> Description of the task
Check the records below line by line, and report how many lines include the string "font". No other words are needed.

> Data extract

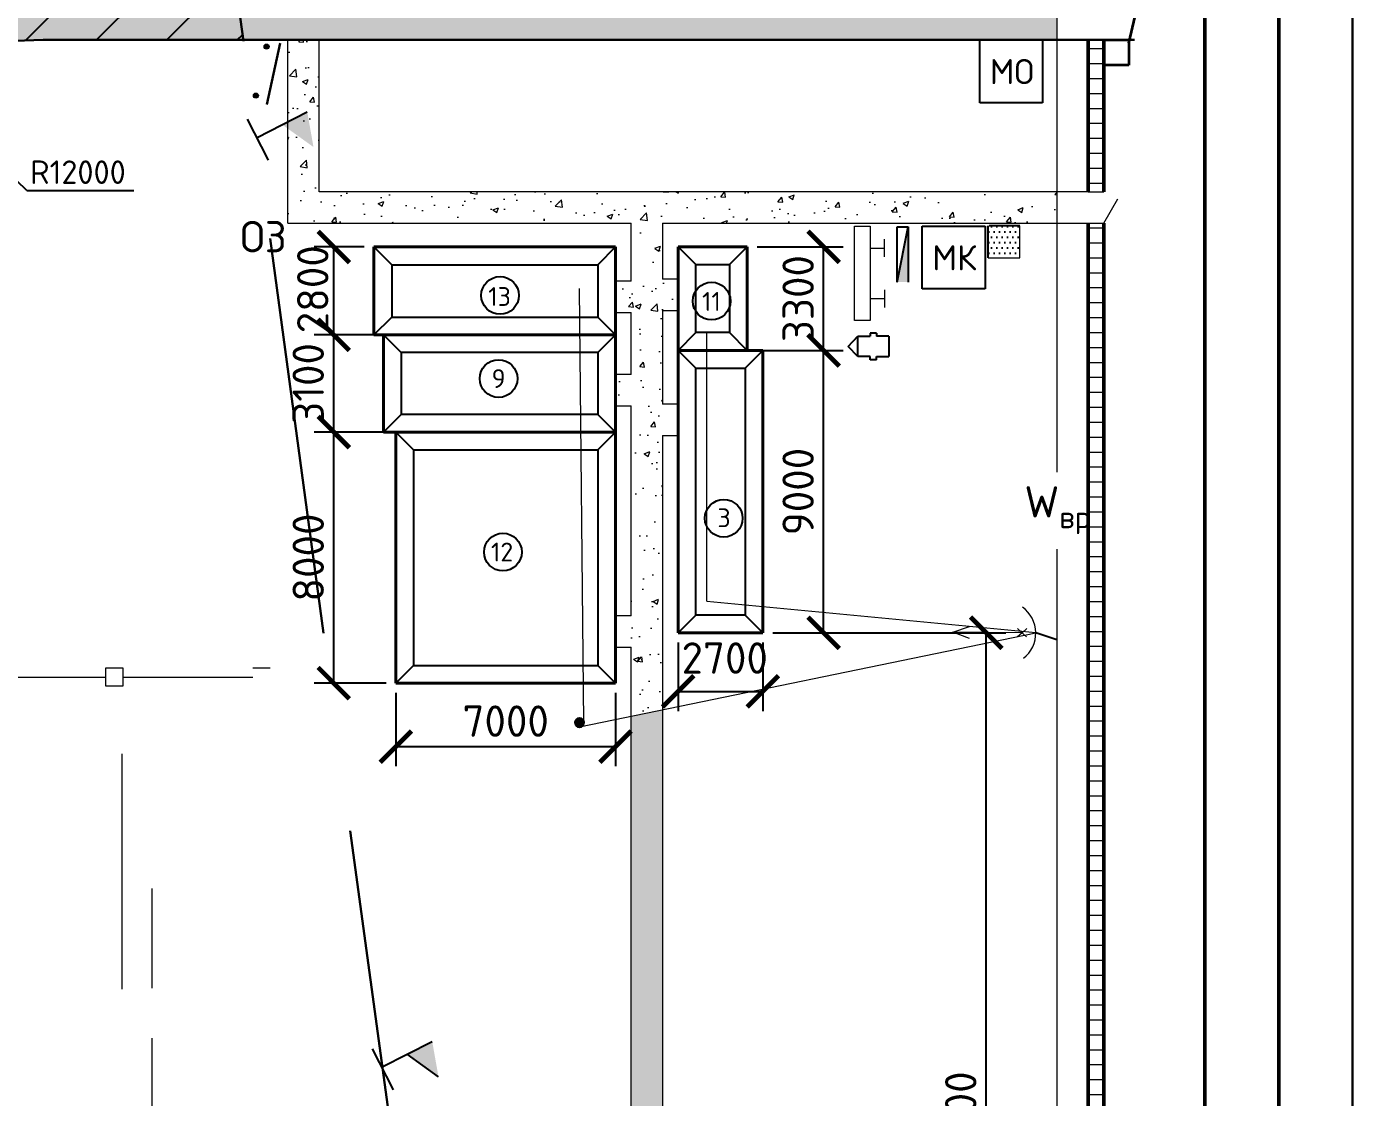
# Model space of a CAD drawing. Header units: millimetres. Extents: x -782 to 10910, y 3841 to 13237.
# Drawn here: x 7318.4 to 7402.9, y 7469.6 to 7537.9 of the extents above; entities that cross this region are included whole.
import ezdxf

# ---------------------------------------------------------------- set-up
doc = ezdxf.new("R2010")
doc.units = ezdxf.units.MM
doc.linetypes.add('штриховая2', pattern=[9.525, 6.35, -3.175])
for name, color, linetype, lineweight in [('0.2 сетевой', 7, 'Continuous', 20), ('красный', 1, 'Continuous', 30), ('Оbводка', 1, 'Continuous', 90), ('Тонкая 0.3', 140, 'Continuous', 25)]:
    doc.layers.add(name, color=color, linetype=linetype, lineweight=lineweight)
doc.layers.add('1', color=7, linetype='Continuous')
doc.layers.add('Системный слой', color=7, linetype='Continuous')
doc.styles.add('2.5', font='isocpeur.ttf', dxfattribs={"height": 2})
doc.styles.add('Isocpeur', font='isocpeur.ttf')
doc.dimstyles.new('М500 стройгенп', dxfattribs={"dimtxt": 2, "dimasz": 2, "dimexe": 1.25, "dimexo": 0.625, "dimtad": 1, "dimlfac": 500, "dimtxsty": '2.5', "dimblk": 'ARCHTICK', "dimcen": 2.5, "dimadec": 0, "dimazin": 0, "dimtfac": 1, "dimtmove": 0, "dimatfit": 3, "dimfxl": 1, "dimarcsym": 0})
pattern_1 = [(50, (7700.4316, 2863.231), (4.5546167, -0.398477), [0.47625, -5.23875]), (355, (7700.4316, 2863.231), (-0.8810855, 4.776421), [0.381, -4.1910146]), (100.45144, (7700.811, 2863.198), (3.673531, 4.377944), [0.40475, -4.452256]), (46.1842, (7700.4316, 2864.501), (6.776976, -1.051058), [0.714375, -7.858125]), (96.63556, (7700.9964, 2864.4134), (5.935103, 6.185653), [0.607126, -6.67839]), (351.18415, (7700.4316, 2864.501), (5.935103, 6.185653), [0.571499, -6.286493]), (21, (7701.0666, 2864.1835), (3.7903598, -2.55663), [0.47625, -5.23875]), (326, (7701.0666, 2864.1835), (1.5450507, 4.604699), [0.381, -4.191]), (71.45144, (7701.3825, 2863.9704), (5.3354105, 2.0480692), [0.40475, -4.4522484]), (37.5, (7700.4316, 2863.231), (0.0772151, 2.11387597), [0, -4.1402, 0, -4.2545, 0, -4.206875]), (7.5, (7700.4316, 2863.231), (1.6704916, 2.5045144), [0, -2.4257, 0, -4.04495, 0, -1.603375]), (327.5, (7699.0156, 2863.231), (3.3897649, -0.1432186), [0, -1.5875, 0, -4.953, 0, -6.57225]), (317.5, (7698.3806, 2863.231), (3.7032295, 0.6356623), [0, -2.06375, 0, -3.2893, 0, -4.66725])]
pattern_2 = [(50, (4875.7906, 4237.0282), (3.6436934, -0.3187817), [0.381, -4.191]), (355, (4875.7906, 4237.0282), (-0.7048684, 3.821137), [0.3048, -3.3528117]), (100.45144, (4876.0943, 4237.0016), (2.938825, 3.502355), [0.3238002, -3.561805]), (46.1842, (4875.7906, 4238.044), (5.421581, -0.8408466), [0.5715, -6.2865]), (96.63556, (4876.2424, 4237.974), (4.748083, 4.9485225), [0.4857005, -5.342712]), (351.18415, (4875.7906, 4238.044), (4.748083, 4.9485225), [0.457199, -5.029195]), (21, (4876.2986, 4237.7902), (3.0322878, -2.045304), [0.381, -4.191]), (326, (4876.2986, 4237.7902), (1.2360406, 3.6837593), [0.3048, -3.3528]), (71.451445, (4876.5513, 4237.6198), (4.2683284, 1.6384554), [0.3238002, -3.5617988]), (37.5, (4875.7906, 4237.0282), (0.06177207, 1.69110078), [0, -3.31216, 0, -3.4036, 0, -3.3655]), (7.5, (4875.7906, 4237.0282), (1.33639325, 2.0036115), [0, -1.94056, 0, -3.23596, 0, -1.2827]), (327.5, (4874.6578, 4237.0282), (2.7118119, -0.1145749), [0, -1.27, 0, -3.9624, 0, -5.2578]), (317.5, (4874.1498, 4237.0282), (2.9625836, 0.5085298), [0, -1.651, 0, -2.63144, 0, -3.7338])]

# ---------------------------------------------------------------- blocks, each defined once
blk = doc.blocks.new('_ArchTick')
at = {"color": 0, "linetype": 'ByBlock', "const_width": 0.15}
blk.add_lwpolyline([(-0.5, -0.5), (0.5, 0.5)], dxfattribs=at)
blk = doc.blocks.new('*D269')
at = {"color": 0, "lineweight": -2, "transparency": 16777216}
for p, q in [((7365.966, 7499.25), (7380.832, 7499.25)), ((7379.582, 7436.219), (7379.582, 7499.25)), ((7369.11, 7436.219), (7380.832, 7436.219))]:
    blk.add_line(p, q, dxfattribs=at)
at = {"layer": 'Defpoints', "color": 0, "lineweight": 25, "transparency": 16777216}
for p in [(7365.341, 7499.25), (7379.582, 7499.25), (7368.485, 7436.219)]:
    blk.add_point(p, dxfattribs=at)
at = {"color": 0, "lineweight": -2, "transparency": 16777216, "xscale": 2, "yscale": 2, "zscale": 2}
for p, rotation in [((7379.582, 7499.25), 90), ((7379.582, 7436.219), 270)]:
    blk.add_blockref('_ArchTick', p, dxfattribs=dict(at, rotation=rotation))
at = {"color": 0, "lineweight": 20, "transparency": 16777216, "insert": (7377.957, 7467.734), "char_height": 2, "attachment_point": 5, "rotation": 90, "style": '2.5'}
blk.add_mtext('38500', dxfattribs=at)
blk = doc.blocks.new('*D312')
at = {"color": 0, "lineweight": -2, "transparency": 16777216}
for p, q in [((7365.966, 7517.249), (7370.463, 7517.249)), ((7369.213, 7499.25), (7369.213, 7517.249)), ((7365.966, 7499.25), (7370.463, 7499.25))]:
    blk.add_line(p, q, dxfattribs=at)
at = {"layer": 'Defpoints', "color": 0, "lineweight": 25, "transparency": 16777216}
for p in [(7365.341, 7517.249), (7369.213, 7517.249), (7365.341, 7499.25)]:
    blk.add_point(p, dxfattribs=at)
at = {"color": 0, "lineweight": -2, "transparency": 16777216, "xscale": 2, "yscale": 2, "zscale": 2}
for p, rotation in [((7369.213, 7517.249), 90), ((7369.213, 7499.25), 270)]:
    blk.add_blockref('_ArchTick', p, dxfattribs=dict(at, rotation=rotation))
at = {"color": 0, "lineweight": 20, "transparency": 16777216, "insert": (7367.588, 7508.25), "char_height": 2, "attachment_point": 5, "rotation": 90, "style": '2.5'}
blk.add_mtext('9000', dxfattribs=at)
blk = doc.blocks.new('*D313')
at = {"color": 0, "lineweight": -2, "transparency": 16777216}
for p, q in [((7364.966, 7523.849), (7370.463, 7523.849)), ((7369.213, 7517.249), (7369.213, 7523.849)), ((7364.966, 7517.249), (7370.463, 7517.249))]:
    blk.add_line(p, q, dxfattribs=at)
at = {"layer": 'Defpoints', "color": 0, "lineweight": 25, "transparency": 16777216}
for p in [(7364.341, 7523.849), (7369.213, 7523.849), (7364.341, 7517.249)]:
    blk.add_point(p, dxfattribs=at)
at = {"color": 0, "lineweight": -2, "transparency": 16777216, "xscale": 2, "yscale": 2, "zscale": 2}
for p, rotation in [((7369.213, 7523.849), 90), ((7369.213, 7517.249), 270)]:
    blk.add_blockref('_ArchTick', p, dxfattribs=dict(at, rotation=rotation))
at = {"color": 0, "lineweight": 20, "transparency": 16777216, "insert": (7367.588, 7520.549), "char_height": 2, "attachment_point": 5, "rotation": 90, "style": '2.5'}
blk.add_mtext('3300', dxfattribs=at)
blk = doc.blocks.new('*D314')
at = {"color": 0, "lineweight": -2, "transparency": 16777216}
for p, q in [((7341.941, 7495.417), (7341.941, 7490.743)), ((7355.941, 7495.417), (7355.941, 7490.743)), ((7341.941, 7491.993), (7355.941, 7491.993))]:
    blk.add_line(p, q, dxfattribs=at)
at = {"layer": 'Defpoints', "color": 0, "lineweight": 25, "transparency": 16777216}
for p in [(7341.941, 7496.042), (7355.941, 7496.042), (7355.941, 7491.993)]:
    blk.add_point(p, dxfattribs=at)
at = {"color": 0, "lineweight": -2, "transparency": 16777216, "xscale": 2, "yscale": 2, "zscale": 2, "rotation": 180}
blk.add_blockref('_ArchTick', (7341.941, 7491.993), dxfattribs=at)
at = {"color": 0, "lineweight": -2, "transparency": 16777216, "xscale": 2, "yscale": 2, "zscale": 2}
blk.add_blockref('_ArchTick', (7355.941, 7491.993), dxfattribs=at)
at = {"color": 0, "lineweight": 20, "transparency": 16777216, "insert": (7348.941, 7493.618), "char_height": 2, "attachment_point": 5, "style": '2.5'}
blk.add_mtext('7000', dxfattribs=at)
blk = doc.blocks.new('*D315')
at = {"color": 0, "lineweight": -2, "transparency": 16777216}
for p, q in [((7359.941, 7498.625), (7359.941, 7494.261)), ((7365.341, 7498.625), (7365.341, 7494.261)), ((7359.941, 7495.511), (7365.341, 7495.511))]:
    blk.add_line(p, q, dxfattribs=at)
at = {"layer": 'Defpoints', "color": 0, "lineweight": 25, "transparency": 16777216}
for p in [(7359.941, 7499.25), (7365.341, 7499.25), (7365.341, 7495.511)]:
    blk.add_point(p, dxfattribs=at)
at = {"color": 0, "lineweight": -2, "transparency": 16777216, "xscale": 2, "yscale": 2, "zscale": 2, "rotation": 180}
blk.add_blockref('_ArchTick', (7359.941, 7495.511), dxfattribs=at)
at = {"color": 0, "lineweight": -2, "transparency": 16777216, "xscale": 2, "yscale": 2, "zscale": 2}
blk.add_blockref('_ArchTick', (7365.341, 7495.511), dxfattribs=at)
at = {"color": 0, "lineweight": 20, "transparency": 16777216, "insert": (7362.909, 7497.639), "char_height": 2, "attachment_point": 5, "style": '2.5'}
blk.add_mtext('2700', dxfattribs=at)
blk = doc.blocks.new('*D316')
at = {"color": 0, "lineweight": -2, "transparency": 16777216}
for p, q in [((7341.316, 7512.042), (7336.728, 7512.042)), ((7337.978, 7496.042), (7337.978, 7512.042)), ((7341.316, 7496.042), (7336.728, 7496.042))]:
    blk.add_line(p, q, dxfattribs=at)
at = {"layer": 'Defpoints', "color": 0, "lineweight": 25, "transparency": 16777216}
for p in [(7337.978, 7512.042), (7341.941, 7512.042), (7341.941, 7496.042)]:
    blk.add_point(p, dxfattribs=at)
at = {"color": 0, "lineweight": -2, "transparency": 16777216, "xscale": 2, "yscale": 2, "zscale": 2}
for p, rotation in [((7337.978, 7512.042), 90), ((7337.978, 7496.042), 270)]:
    blk.add_blockref('_ArchTick', p, dxfattribs=dict(at, rotation=rotation))
at = {"color": 0, "lineweight": 20, "transparency": 16777216, "insert": (7336.353, 7504.042), "char_height": 2, "attachment_point": 5, "rotation": 90, "style": '2.5'}
blk.add_mtext('8000', dxfattribs=at)
blk = doc.blocks.new('*D317')
at = {"color": 0, "lineweight": -2, "transparency": 16777216}
for p, q in [((7340.519, 7518.242), (7336.728, 7518.242)), ((7337.978, 7512.045), (7337.978, 7518.242)), ((7340.519, 7512.045), (7336.728, 7512.045))]:
    blk.add_line(p, q, dxfattribs=at)
at = {"layer": 'Defpoints', "color": 0, "lineweight": 25, "transparency": 16777216}
for p in [(7337.978, 7518.242), (7341.144, 7518.242), (7341.144, 7512.045)]:
    blk.add_point(p, dxfattribs=at)
at = {"color": 0, "lineweight": -2, "transparency": 16777216, "xscale": 2, "yscale": 2, "zscale": 2}
for p, rotation in [((7337.978, 7518.242), 90), ((7337.978, 7512.045), 270)]:
    blk.add_blockref('_ArchTick', p, dxfattribs=dict(at, rotation=rotation))
at = {"color": 0, "lineweight": 20, "transparency": 16777216, "insert": (7336.353, 7515.143), "char_height": 2, "attachment_point": 5, "rotation": 90, "style": '2.5'}
blk.add_mtext('3100', dxfattribs=at)
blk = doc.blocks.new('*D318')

> Response
2